7 days in Ecuador...what I´ve been up to, and some personal thoughts

Aug 27, 2007 09:38

It´s been a week since I got here, but it feels like longer, in a good way.  In a lot of ways, it has felt like stepping back in where I left off.

I was thinking about what to write, what have I done in the past 7 days?  There haven´t been any big adventures.   Mostly, I´ve been talking.  Actually, mostly I´ve been listening.  Yesterday i did feel like I was back in my office at the hospital, only this time, I was on some bleachers watching soccer practice.  And one kid would come and talk for awhile, and as soon as he got up, another one would come.  Sometimes I´d ask questions but usually they knew what they wanted to say.

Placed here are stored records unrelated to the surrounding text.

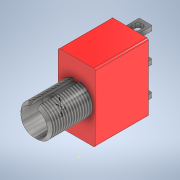
# Autodesk Inventor part: switch
Saved by Autodesk Inventor 2022.2 (Build 262287000, 287)
## iProperties
Created: 2022-01-24
Part Number: switch
Material: Stainless Steel
Document SubType Name: Modeling
Designer: hugof
Density: 8 g/cm^3
Appearance: Semi-Polished
Author: hugof
Autodesk Inventor part; units mm, degrees
ref_plane "YZ Plane" through (0, 0, 0) normal (1, 0, 0) x (0, 1, 0)
ref_plane "XZ Plane" through (0, 0, 0) normal (0, 1, 0) x (-1, 0, 0)
ref_plane "XY Plane" through (0, 0, 0) normal (0, 0, 1) x (1, 0, 0)
sketch "Sketch1" plane through (0, 0, 0) normal (0, 0, 1) x (1, 0, 0)
  line L0 (0, 0) -> (-6.96, 0)
  line L1 (-6.96, 0) -> (-6.96, 12.8)
  line L2 (-6.96, 12.8) -> (0, 12.8)
  line L3 (0, 12.8) -> (0, 0)
  dimension "d0" = 6.96
  dimension "d1" = 12.8
  constraints: 8 end point, 2 perpendicular, 1 horizontal, 1 vertical
  measures "d0" distance of L0.start L0.end
  measures "d1" distance of L0.end L1.end
sketch "Sketch1 outline for Extrusion1" plane through (0, 0, 0) normal (0, 0, 1) x (1, 0, 0)
  line L0 (0, 0) -> (0, 12.8)
  line L1 (-6.96, 0) -> (0, 0)
  line L2 (-6.96, 12.8) -> (-6.96, 0)
  line L3 (0, 12.8) -> (-6.96, 12.8)
extrude "Extrusion1" add sketch "Sketch1 outline for Extrusion1" along normal blind 10
sketch "Sketch3" plane through (0, 0, 0) normal (0, 0, -1) x (-1, 0, 0)
  line L0 (4.713973, 12.26) -> (2.246027, 12.26)
  line L1 (2.246027, 12.26) -> (2.246027, 11.44)
  line L2 (2.246027, 11.44) -> (4.713973, 11.44)
  line L3 (4.713973, 11.44) -> (4.713973, 12.26)
  line L4 (0, 12.8) -> (6.96, 12.8)
  line L5 (6.96, 0) -> (0, 0)
  line L6 (4.713973, 11.44) -> (6.96, 11.44)
  line L7 (6.96, 12.8) -> (6.96, 0)
  line L8 (2.246027, 11.44) -> (0, 11.44)
  line L9 (0, 0) -> (0, 12.8)
  line L10 (0, 6.4) -> (6.96, 6.4)
  line L11 (0, 12.8) -> (6.96, 12.8)
  line L12 (6.96, 12.8) -> (6.96, 6.4)
  line L13 (6.96, 6.4) -> (6.96, 0)
  line L14 (4.713973, 12.26) -> (4.713973, 11.44)
  line L15 (2.246027, 12.26) -> (2.246027, 11.44)
  line L16 (4.713973, 6.4) -> (4.713973, 6.81)
  line L17 (4.713973, 6.81) -> (2.246027, 6.81)
  line L18 (2.246027, 6.81) -> (2.246027, 6.4)
  line L19 (4.713973, 0.54) -> (2.246027, 0.54)
  line L20 (2.246027, 0.54) -> (2.246027, 1.36)
  line L21 (2.246027, 1.36) -> (4.713973, 1.36)
  line L22 (4.713973, 1.36) -> (4.713973, 0.54)
  line L23 (4.713973, 6.4) -> (4.713973, 5.99)
  line L24 (4.713973, 5.99) -> (2.246027, 5.99)
  line L25 (2.246027, 5.99) -> (2.246027, 6.4)
  dimension "d4" = 0.82
  dimension "d6" = 11.44
  dimension "d7" = 0.41
  constraints: 42 end point, 6 symmetric about line, 5 collinear, 5 perpendicular, 5 point on line, 2 midpoint, 1 horizontal, 1 vertical
  measures "d4" distance of L2.end L0.start
  measures "d6" distance between parallel lines of L5 L2
  measures "d7" distance of L16.start L16.end
sketch "Sketch3 outline for Extrusion2" plane through (0, 0, 0) normal (0, 0, -1) x (-1, 0, 0)
  line L0 (2.246027, 1.36) -> (2.246027, 0.54)
  line L1 (4.713973, 1.36) -> (2.246027, 1.36)
  line L2 (4.713973, 0.54) -> (4.713973, 1.36)
  line L3 (2.246027, 0.54) -> (4.713973, 0.54)
  line L4 (4.713973, 6.81) -> (2.246027, 6.81)
  line L5 (2.246027, 6.81) -> (2.246027, 5.99)
  line L6 (2.246027, 5.99) -> (4.713973, 5.99)
  line L7 (4.713973, 5.99) -> (4.713973, 6.81)
  line L8 (4.713973, 12.26) -> (2.246027, 12.26)
  line L9 (4.713973, 11.44) -> (4.713973, 12.26)
  line L10 (2.246027, 11.44) -> (4.713973, 11.44)
  line L11 (2.246027, 12.26) -> (2.246027, 11.44)
extrude "Extrusion2" add sketch "Sketch3 outline for Extrusion2" along normal blind 3
sketch "Sketch4" plane through (-4.713973, 12.26, 0) normal (0, 1, 0) x (1, 0, 0)
  line L0 (1.967945, 0.5) -> (1.967945, 2.3)
  line L1 (1.967945, 2.3) -> (0.5, 2.3)
  line L2 (0.5, 2.3) -> (0.5, 0.5)
  line L3 (0.5, 0.5) -> (1.967945, 0.5)
  line L4 (2.467945, 0) -> (2.467945, 3)
  line L5 (0, 0) -> (0, 3)
  line L6 (0, 3) -> (2.467945, 3)
  point P0 (4.713973, 0)
  dimension "d10" = 0.5
  dimension "d11" = 0.5
  dimension "d12" = 1.8
  dimension "d13" = 0.7
  constraints: 8 end point, 3 perpendicular
  measures "d10" distance between parallel lines of L4 L0
  measures "d11" distance between parallel lines of L5 L2
  measures "d12" distance of L0.start L0.end
  measures "d13" distance between parallel lines of L6 L1
sketch "Sketch4 outline for Extrusion3" plane through (-4.713973, 12.26, 0) normal (0, 1, 0) x (1, 0, 0)
  line L0 (1.967945, 0.5) -> (1.967945, 2.3)
  line L1 (0.5, 0.5) -> (1.967945, 0.5)
  line L2 (0.5, 2.3) -> (0.5, 0.5)
  line L3 (1.967945, 2.3) -> (0.5, 2.3)
extrude "Extrusion3" cut sketch "Sketch4 outline for Extrusion3" against normal through all
fillet "Fillet1" radius 0.5 12 edges at (-4.214, 11.85, -2.3) (-2.746, 11.85, -2.3) (-4.214, 11.85, -0.5) (-2.746, 11.85, -0.5) (-4.214, 6.4, -0.5) (-2.746, 6.4, -0.5) (-2.746, 6.4, -2.3) (-4.214, 0.95, -2.3) (-4.214, 6.4, -2.3) (-2.746, 0.95, -0.5) (-4.214, 0.95, -0.5) (-2.746, 0.95, -2.3)
fillet "Fillet2" radius 0.2 6 edges at (-4.714, 11.85, -3) (-4.714, 6.4, -3) (-4.714, 0.95, -3) (-2.246, 0.95, -3) (-2.246, 6.4, -3) (-2.246, 11.85, -3)
fillet "Fillet3" radius 0.3 4 edges at (0, 0, 5) (-6.96, 0, 5) (0, 12.8, 5) (-6.96, 12.8, 5)
sketch "Sketch5" plane through (0, 0, 10) normal (0, 0, 1) x (1, 0, 0)
  circle A0 centre (-3.48, 6.4) radius 3
  line L0 (-6.96, 12.5) -> (-6.96, 0.3) projected
  line L1 (-3.48, 6.4) -> (-3.48, 12.8)
  line L2 (-0.3, 12.8) -> (-6.66, 12.8) projected
  line L3 (-6.66, 12.8) -> (-3.48, 12.8)
  line L4 (-3.48, 12.8) -> (-0.3, 12.8)
  line L5 (-6.96, 6.4) -> (-3.48, 6.4)
  line L6 (-3.48, 6.4) -> (0, 6.4)
  line L7 (0, 0.3) -> (0, 12.5) projected
  line L8 (-3.48, 6.4) -> (-3.48, 0)
  line L9 (-6.66, 0) -> (-0.3, 0) projected
  point P0 (0, 0)
  dimension "d19" = 6
  constraints: 12 end point, 4 midpoint, 3 horizontal, 2 collinear, 1 centre point, 1 point on line
  measures "d19" diameter of A0
sketch "Sketch5 outline for Extrusion4" plane through (0, 0, 10) normal (0, 0, 1) x (1, 0, 0)
  circle A0 centre (-3.48, 6.4) radius 3
extrude "Extrusion4" add sketch "Sketch5 outline for Extrusion4" along normal blind 8
sketch "Sketch6" plane through (-3.48, 6.4, 18) normal (0, 0, 1) x (1, 0, 0)
  circle A0 centre (0, 0) radius 3 projected
  circle A1 centre (0, 0) radius 2.5
  point P0 (3.48, -6.4)
  dimension "d41" = 5
  constraints: 1 centre point, 1 coincident
  measures "d41" diameter of A1
sketch "Sketch6 outline for Extrusion5" plane through (-3.48, 6.4, 18) normal (0, 0, 1) x (1, 0, 0)
  circle A0 centre (0, 0) radius 2.5
extrude "Extrusion5" cut sketch "Sketch6 outline for Extrusion5" against normal blind 4
thread "Thread1" size "M3x0.5" class "6g" standard "ISO Metric profile" full length
chamfer "Chamfer1" distance 0.5 angle 45 1 edges at (-6.48, 6.4, 18)
sketch "Sketch10" plane through (-3.48, 6.4, 14) normal (0, 0, 1) x (1, 0, 0)
  circle A0 centre (0, 0) radius 2.5
  line L0 (0.625, 2.420615) -> (0.625, 2.934174)
  circle A1 centre (0, 0) radius 3
  line L1 (-0.625, 2.420615) -> (-0.625, 2.934174)
  arc A2 (0.625, 2.934174) -> (-0.625, 2.934174) centre (0, 0) ccw
  arc A3 (0.625, 2.420615) -> (-0.625, 2.420615) centre (0, 0.520779) ccw
  point P0 (3.48, -6.4)
  constraints: 8 point on circle, 4 end point, 2 centre point, 1 concentric, 1 parallel, 1 vertical
sketch "Sketch10 outline for Extrusion6" plane through (-3.48, 6.4, 14) normal (0, 0, 1) x (1, 0, 0)
  line L0 (-0.625, 2.934174) -> (-0.625, 2.420615)
  arc A0 (0.625, 2.934174) -> (-0.625, 2.934174) centre (0, 0) ccw
  line L1 (0.625, 2.420615) -> (0.625, 2.934174)
  arc A1 (-0.625, 2.420615) -> (0.625, 2.420615) centre (0, 0) cw
extrude "Extrusion6" cut sketch "Sketch10 outline for Extrusion6" along normal mid plane 8
sketch "Sketch11" plane through (-3.48, 6.4, 14) normal (0, 0, 1) x (1, 0, 0)
  circle A0 centre (0, 0) radius 1
  point P0 (3.48, -6.4)
  constraints: 1 centre point
sketch "Sketch11 outline for Extrusion7" plane through (-3.48, 6.4, 14) normal (0, 0, 1) x (1, 0, 0)
  circle A0 centre (0, 0) radius 1
extrude "Extrusion7" cut sketch "Sketch11 outline for Extrusion7" against normal blind 1
sketch "Sketch13" plane through (-3.48, 6.4, 13) normal (0, 0, 1) x (1, 0, 0)
  circle A0 centre (0, 0) radius 0.95
  line L0 (0.949991, -0.004201) -> (-0.949991, 0.004201)
  circle A1 centre (0, 0) radius 2
  circle A2 centre (0, 0) radius 1.5
  point P0 (3.48, -6.4)
  dimension "d39" = 1.9
  dimension "d44" = 3
  constraints: 3 centre point, 2 coincident, 2 end point, 2 point on circle, 1 midpoint
  measures "d39" diameter of A0
  measures "d44" diameter of A2
sketch "Sketch13 outline for Revolution2" plane through (-3.48, 6.4, 13) normal (0, 0, 1) x (1, 0, 0)
  line L0 (-0.949991, 0.004201) -> (0.949991, -0.004201)
  arc A0 (0.949991, -0.004201) -> (-0.949991, 0.004201) centre (0, 0) ccw
revolve "Revolution2" add sketch "Sketch13 outline for Revolution2" angle 360 about axis through (-2.530009, 6.395799, 13) along (-0.9999902, 0.0044216, 0)
body "Solid1"

Most were former program kids, some currently in the shelter.  One guy is about to finish his year in the army and is trying to figure out what to do next.  Another was talking about the discrimination he faces - nobody wants to rent a room to him because he´s black.  Another had just found out that a friend was selling drugs and wasn´t sure what to do about it.  Another is HIV positive and has fallen in love.

It´s tough, a lot of them don´t have somebody who will just listen to them.  I remember back when I was 15, 16, 17,  my life was so much easier by comparison but I was still so mixed up half the time.  These guys have been through so much more, and in many ways get held to a higher standard.  Middle class teens in the US who get to go to college, even as young adults get the support of parents, of friends, are protected in many ways from their mistakes...here, you´re 15, you´re an adult, and if you want to go to school full time it´s because you´re lazy and don´t want to work.  And if you screw up, good luck ever getting a trial, you can just stay in prison until you´ve got enough money to bribe the right people.

Wow, that sounds a little bitter.   It´s weird that despite seeing the injustices, I feel such peace here.  Sometimes there´s something I can do about it.  More often, there isn´t.  But I can be a witness.  I can let people know what I see. I can stand with them and say no, it isn´t right, and the world shouldn´t be this way, and though I don´t have all the answers we´ve got to try to work together to figure out what to do.  I can be with these kids, these men and women, and listen.  Right now, I am exactly where I need to be.